EXTRACTED DATA: Begin

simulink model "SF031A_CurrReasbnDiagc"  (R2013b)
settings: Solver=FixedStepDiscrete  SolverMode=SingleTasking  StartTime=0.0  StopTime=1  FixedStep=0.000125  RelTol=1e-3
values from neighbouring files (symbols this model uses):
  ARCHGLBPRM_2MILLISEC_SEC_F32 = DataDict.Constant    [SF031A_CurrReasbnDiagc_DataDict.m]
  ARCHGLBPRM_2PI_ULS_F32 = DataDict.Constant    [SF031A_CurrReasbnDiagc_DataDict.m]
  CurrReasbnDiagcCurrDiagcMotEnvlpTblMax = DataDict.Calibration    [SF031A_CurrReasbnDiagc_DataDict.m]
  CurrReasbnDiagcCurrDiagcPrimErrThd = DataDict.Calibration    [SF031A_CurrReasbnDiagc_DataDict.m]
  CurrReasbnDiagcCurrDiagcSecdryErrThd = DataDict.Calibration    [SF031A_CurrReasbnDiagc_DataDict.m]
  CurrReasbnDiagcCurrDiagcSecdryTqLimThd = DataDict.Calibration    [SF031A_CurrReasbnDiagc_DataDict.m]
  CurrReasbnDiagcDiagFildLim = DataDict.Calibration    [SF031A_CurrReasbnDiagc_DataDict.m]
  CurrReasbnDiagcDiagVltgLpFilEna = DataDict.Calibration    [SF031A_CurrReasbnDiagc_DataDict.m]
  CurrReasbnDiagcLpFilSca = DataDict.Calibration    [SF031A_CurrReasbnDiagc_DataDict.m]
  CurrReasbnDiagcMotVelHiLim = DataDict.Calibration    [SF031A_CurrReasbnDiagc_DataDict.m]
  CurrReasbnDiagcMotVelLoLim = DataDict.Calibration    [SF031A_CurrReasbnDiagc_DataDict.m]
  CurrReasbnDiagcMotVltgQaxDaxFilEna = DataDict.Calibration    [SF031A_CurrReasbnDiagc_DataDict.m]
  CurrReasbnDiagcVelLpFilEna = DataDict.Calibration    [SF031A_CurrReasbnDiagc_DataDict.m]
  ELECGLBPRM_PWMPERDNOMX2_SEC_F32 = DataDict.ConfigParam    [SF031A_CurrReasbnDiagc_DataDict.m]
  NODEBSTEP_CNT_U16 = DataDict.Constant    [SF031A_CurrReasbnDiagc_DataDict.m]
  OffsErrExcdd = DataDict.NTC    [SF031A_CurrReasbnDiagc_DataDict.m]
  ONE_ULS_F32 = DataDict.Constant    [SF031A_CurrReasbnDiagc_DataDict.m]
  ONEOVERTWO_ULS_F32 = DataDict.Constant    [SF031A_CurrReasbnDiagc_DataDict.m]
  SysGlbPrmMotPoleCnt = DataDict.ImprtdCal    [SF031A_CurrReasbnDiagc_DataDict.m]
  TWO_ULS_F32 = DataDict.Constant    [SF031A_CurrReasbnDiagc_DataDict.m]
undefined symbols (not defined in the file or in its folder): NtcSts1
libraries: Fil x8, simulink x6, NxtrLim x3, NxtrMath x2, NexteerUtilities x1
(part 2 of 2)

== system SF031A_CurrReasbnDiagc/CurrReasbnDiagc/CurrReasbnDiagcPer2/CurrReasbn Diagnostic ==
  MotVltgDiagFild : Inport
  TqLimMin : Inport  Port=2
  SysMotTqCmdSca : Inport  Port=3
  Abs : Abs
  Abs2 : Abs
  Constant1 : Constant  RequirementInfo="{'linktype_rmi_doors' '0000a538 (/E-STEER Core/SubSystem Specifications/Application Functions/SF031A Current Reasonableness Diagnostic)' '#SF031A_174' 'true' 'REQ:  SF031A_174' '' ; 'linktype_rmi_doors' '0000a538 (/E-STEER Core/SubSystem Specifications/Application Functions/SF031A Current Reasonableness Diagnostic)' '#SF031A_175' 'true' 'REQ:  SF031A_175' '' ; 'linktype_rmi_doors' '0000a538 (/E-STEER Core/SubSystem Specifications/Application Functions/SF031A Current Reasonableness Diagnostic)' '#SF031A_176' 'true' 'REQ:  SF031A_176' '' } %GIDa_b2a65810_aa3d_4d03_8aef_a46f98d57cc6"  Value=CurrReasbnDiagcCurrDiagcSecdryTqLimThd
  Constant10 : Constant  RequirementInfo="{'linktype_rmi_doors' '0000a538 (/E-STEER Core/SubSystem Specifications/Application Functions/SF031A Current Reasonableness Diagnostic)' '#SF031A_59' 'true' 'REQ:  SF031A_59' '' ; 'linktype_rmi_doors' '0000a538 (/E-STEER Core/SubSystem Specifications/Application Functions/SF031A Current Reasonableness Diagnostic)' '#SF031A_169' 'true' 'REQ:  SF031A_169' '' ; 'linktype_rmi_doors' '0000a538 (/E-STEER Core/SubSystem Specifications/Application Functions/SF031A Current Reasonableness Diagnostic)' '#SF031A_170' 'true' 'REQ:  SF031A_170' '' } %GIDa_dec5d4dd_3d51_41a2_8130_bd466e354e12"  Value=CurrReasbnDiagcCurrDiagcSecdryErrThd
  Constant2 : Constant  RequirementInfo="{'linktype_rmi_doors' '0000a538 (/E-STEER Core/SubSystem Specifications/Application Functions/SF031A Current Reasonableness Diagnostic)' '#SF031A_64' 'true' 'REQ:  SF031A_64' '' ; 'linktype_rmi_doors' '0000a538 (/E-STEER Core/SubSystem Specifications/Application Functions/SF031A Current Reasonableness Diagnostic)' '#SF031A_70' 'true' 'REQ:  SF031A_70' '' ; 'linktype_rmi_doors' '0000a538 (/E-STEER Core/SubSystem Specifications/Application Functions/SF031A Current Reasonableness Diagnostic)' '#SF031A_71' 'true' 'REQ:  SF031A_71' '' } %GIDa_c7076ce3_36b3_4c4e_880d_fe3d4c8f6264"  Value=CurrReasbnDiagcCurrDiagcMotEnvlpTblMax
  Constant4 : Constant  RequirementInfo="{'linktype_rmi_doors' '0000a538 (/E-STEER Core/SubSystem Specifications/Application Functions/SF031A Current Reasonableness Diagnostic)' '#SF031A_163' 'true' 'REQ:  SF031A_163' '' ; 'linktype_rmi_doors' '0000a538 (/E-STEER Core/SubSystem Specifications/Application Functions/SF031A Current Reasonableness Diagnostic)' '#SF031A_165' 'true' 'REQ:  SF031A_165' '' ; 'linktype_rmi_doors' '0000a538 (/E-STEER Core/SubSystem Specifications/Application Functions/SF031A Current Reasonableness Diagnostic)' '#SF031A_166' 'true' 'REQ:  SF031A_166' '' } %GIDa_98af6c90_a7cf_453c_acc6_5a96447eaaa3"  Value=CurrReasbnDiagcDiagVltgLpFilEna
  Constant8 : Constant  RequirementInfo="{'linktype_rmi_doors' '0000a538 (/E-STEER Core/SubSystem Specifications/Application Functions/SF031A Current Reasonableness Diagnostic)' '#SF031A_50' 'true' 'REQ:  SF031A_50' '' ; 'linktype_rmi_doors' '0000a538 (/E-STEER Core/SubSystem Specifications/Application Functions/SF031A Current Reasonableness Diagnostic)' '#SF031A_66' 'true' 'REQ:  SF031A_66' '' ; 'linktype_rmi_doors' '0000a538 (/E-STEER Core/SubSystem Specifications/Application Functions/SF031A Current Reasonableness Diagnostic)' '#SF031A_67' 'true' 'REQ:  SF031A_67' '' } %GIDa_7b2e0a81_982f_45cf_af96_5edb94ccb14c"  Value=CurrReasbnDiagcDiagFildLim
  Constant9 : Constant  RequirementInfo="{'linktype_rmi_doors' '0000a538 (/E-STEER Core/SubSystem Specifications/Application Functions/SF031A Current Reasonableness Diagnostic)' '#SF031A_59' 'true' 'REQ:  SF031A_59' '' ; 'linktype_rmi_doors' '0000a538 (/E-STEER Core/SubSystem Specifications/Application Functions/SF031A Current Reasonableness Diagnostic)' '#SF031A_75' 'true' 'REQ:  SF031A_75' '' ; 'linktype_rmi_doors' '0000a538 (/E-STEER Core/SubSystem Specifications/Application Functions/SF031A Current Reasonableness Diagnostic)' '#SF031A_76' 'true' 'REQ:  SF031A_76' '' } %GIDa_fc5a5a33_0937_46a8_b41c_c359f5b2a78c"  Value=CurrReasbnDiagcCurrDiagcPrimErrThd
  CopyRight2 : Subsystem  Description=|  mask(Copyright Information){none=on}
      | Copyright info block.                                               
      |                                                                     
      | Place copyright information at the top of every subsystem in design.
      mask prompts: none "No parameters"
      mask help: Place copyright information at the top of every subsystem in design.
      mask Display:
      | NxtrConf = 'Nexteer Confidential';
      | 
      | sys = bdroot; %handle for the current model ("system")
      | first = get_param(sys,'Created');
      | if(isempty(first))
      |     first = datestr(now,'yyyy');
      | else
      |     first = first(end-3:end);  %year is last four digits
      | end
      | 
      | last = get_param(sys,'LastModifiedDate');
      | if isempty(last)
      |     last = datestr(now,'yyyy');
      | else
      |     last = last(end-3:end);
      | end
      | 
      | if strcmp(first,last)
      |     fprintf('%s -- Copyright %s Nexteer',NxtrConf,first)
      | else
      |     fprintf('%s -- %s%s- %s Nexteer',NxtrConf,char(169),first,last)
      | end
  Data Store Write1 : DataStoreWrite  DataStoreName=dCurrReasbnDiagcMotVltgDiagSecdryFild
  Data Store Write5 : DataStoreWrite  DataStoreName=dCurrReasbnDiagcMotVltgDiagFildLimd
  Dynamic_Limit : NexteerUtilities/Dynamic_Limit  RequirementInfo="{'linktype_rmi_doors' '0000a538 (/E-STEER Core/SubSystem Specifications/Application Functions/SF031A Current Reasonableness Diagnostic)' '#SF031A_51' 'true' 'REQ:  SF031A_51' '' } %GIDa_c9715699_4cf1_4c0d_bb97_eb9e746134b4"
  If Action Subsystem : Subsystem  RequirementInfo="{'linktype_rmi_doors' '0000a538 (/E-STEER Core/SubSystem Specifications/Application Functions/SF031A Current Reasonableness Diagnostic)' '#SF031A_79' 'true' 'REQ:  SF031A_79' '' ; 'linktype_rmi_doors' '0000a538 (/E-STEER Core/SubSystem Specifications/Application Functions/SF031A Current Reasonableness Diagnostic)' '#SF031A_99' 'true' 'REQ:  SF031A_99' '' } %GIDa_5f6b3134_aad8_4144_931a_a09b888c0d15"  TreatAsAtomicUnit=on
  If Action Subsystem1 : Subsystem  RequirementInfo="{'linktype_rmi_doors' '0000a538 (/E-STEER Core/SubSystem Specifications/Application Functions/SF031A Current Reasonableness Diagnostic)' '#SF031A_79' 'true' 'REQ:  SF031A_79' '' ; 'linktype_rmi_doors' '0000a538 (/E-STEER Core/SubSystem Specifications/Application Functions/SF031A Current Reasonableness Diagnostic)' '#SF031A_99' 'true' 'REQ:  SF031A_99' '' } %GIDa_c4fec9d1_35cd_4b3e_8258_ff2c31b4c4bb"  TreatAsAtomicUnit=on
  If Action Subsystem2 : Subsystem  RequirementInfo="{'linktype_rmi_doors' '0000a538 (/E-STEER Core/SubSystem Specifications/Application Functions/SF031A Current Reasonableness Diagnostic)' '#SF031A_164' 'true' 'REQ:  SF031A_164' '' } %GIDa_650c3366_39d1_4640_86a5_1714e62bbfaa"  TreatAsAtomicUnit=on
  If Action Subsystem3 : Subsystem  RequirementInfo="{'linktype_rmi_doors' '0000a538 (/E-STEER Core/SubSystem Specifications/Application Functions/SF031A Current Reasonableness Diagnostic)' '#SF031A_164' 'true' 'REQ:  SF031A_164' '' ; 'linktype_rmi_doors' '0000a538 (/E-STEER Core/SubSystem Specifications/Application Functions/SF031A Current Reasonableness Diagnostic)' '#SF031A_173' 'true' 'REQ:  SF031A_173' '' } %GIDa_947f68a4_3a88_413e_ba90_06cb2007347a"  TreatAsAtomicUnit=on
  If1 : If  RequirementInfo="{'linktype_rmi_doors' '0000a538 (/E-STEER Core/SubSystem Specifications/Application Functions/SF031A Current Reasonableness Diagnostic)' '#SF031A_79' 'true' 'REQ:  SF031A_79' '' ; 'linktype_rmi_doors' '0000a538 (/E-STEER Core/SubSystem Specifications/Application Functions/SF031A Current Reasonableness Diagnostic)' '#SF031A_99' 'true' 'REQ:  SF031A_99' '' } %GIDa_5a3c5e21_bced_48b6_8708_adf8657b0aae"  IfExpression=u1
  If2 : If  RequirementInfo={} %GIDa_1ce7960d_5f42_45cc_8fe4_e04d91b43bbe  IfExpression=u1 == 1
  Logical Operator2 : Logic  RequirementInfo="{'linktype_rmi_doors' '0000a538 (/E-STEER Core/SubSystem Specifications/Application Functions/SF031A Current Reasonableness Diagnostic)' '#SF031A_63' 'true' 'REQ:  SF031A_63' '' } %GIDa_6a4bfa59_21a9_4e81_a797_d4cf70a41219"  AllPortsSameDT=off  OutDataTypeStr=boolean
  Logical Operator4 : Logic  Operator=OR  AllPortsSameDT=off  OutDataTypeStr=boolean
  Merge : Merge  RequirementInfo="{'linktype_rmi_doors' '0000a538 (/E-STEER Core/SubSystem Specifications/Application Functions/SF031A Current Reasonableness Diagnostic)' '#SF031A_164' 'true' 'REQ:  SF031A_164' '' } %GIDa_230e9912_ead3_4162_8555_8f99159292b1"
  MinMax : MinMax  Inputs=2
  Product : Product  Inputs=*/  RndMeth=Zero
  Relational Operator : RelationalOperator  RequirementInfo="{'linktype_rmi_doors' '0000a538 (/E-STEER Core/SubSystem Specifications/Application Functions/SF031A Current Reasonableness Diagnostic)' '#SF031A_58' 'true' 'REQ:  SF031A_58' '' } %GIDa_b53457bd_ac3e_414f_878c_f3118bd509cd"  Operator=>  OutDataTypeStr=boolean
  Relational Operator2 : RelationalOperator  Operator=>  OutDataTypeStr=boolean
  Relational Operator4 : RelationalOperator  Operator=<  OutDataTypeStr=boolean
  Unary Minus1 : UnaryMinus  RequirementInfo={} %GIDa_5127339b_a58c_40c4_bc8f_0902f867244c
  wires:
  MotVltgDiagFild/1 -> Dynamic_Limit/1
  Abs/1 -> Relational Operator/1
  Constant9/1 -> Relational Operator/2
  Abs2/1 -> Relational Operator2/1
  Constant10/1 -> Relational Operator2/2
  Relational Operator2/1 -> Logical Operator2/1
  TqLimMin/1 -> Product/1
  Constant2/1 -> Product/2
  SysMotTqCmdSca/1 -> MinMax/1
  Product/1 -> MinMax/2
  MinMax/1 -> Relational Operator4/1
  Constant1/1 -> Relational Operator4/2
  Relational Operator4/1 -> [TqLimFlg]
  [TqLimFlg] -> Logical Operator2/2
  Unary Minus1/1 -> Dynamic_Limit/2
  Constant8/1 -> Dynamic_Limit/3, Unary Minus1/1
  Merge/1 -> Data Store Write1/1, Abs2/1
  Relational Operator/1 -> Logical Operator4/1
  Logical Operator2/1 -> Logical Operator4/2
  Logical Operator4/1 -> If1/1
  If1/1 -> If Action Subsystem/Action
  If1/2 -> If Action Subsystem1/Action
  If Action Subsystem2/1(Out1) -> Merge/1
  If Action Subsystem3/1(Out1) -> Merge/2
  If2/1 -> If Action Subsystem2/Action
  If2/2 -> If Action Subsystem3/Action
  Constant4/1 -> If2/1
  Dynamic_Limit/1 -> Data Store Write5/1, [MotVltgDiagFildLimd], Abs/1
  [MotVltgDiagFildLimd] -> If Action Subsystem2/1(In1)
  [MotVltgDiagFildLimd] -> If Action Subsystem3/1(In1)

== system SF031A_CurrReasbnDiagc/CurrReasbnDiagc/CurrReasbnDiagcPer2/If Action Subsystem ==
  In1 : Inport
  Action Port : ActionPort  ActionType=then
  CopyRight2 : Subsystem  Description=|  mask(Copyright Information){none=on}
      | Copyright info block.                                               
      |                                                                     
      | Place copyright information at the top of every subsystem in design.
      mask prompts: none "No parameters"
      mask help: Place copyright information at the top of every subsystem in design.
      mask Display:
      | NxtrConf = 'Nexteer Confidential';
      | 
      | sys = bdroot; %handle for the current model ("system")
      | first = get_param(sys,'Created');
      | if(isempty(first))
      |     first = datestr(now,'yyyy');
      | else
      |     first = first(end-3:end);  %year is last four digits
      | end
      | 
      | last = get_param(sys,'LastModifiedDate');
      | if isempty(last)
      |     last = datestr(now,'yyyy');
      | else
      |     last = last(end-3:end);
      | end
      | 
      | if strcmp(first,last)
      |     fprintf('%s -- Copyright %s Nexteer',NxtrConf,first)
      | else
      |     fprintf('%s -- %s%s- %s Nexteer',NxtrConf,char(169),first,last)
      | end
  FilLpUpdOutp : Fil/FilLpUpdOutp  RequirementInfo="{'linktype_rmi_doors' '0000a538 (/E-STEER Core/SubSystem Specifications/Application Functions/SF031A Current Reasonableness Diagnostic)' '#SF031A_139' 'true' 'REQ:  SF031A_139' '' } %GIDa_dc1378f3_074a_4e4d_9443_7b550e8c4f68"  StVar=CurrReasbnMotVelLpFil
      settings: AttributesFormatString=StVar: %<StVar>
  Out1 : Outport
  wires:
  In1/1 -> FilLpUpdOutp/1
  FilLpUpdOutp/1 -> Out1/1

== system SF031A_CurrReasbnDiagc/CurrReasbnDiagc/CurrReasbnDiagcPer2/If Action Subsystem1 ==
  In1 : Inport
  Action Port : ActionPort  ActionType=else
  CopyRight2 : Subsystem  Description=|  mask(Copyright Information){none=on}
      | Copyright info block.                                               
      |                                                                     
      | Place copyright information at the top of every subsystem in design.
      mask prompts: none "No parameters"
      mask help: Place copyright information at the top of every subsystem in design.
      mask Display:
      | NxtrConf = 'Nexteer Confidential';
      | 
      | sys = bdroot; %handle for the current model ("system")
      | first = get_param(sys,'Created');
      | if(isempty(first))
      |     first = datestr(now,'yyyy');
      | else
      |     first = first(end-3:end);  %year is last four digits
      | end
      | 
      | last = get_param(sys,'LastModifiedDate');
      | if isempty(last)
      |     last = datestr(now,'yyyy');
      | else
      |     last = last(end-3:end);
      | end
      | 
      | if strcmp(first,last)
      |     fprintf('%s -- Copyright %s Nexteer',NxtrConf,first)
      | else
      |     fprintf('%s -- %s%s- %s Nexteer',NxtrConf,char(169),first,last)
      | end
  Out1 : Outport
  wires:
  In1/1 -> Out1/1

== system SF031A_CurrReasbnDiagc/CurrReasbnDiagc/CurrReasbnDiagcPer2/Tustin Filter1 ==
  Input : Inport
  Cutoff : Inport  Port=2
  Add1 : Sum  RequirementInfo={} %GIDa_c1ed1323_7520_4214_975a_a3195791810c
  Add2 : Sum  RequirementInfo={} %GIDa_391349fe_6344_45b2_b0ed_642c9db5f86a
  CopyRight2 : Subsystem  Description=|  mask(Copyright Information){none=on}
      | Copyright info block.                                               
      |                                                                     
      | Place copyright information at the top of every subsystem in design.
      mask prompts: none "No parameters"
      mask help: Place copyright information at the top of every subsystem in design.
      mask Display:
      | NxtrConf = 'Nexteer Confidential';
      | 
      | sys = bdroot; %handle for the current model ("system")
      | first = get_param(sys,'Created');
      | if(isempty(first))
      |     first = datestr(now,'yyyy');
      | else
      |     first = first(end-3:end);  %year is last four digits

EXTRACTED DATA: End

» **WHAT IS REQUIRED**: Copy exactly the opening line of the material, the line bearing "CurrReasbnDiagcCurrDiagcMotEnvlpTblMax = DataDict.Calibration", and every line between them. Include nothing else.

» **FINISHED EXERCISE**:
simulink model "SF031A_CurrReasbnDiagc"  (R2013b)
settings: Solver=FixedStepDiscrete  SolverMode=SingleTasking  StartTime=0.0  StopTime=1  FixedStep=0.000125  RelTol=1e-3
values from neighbouring files (symbols this model uses):
  ARCHGLBPRM_2MILLISEC_SEC_F32 = DataDict.Constant    [SF031A_CurrReasbnDiagc_DataDict.m]
  ARCHGLBPRM_2PI_ULS_F32 = DataDict.Constant    [SF031A_CurrReasbnDiagc_DataDict.m]
  CurrReasbnDiagcCurrDiagcMotEnvlpTblMax = DataDict.Calibration    [SF031A_CurrReasbnDiagc_DataDict.m]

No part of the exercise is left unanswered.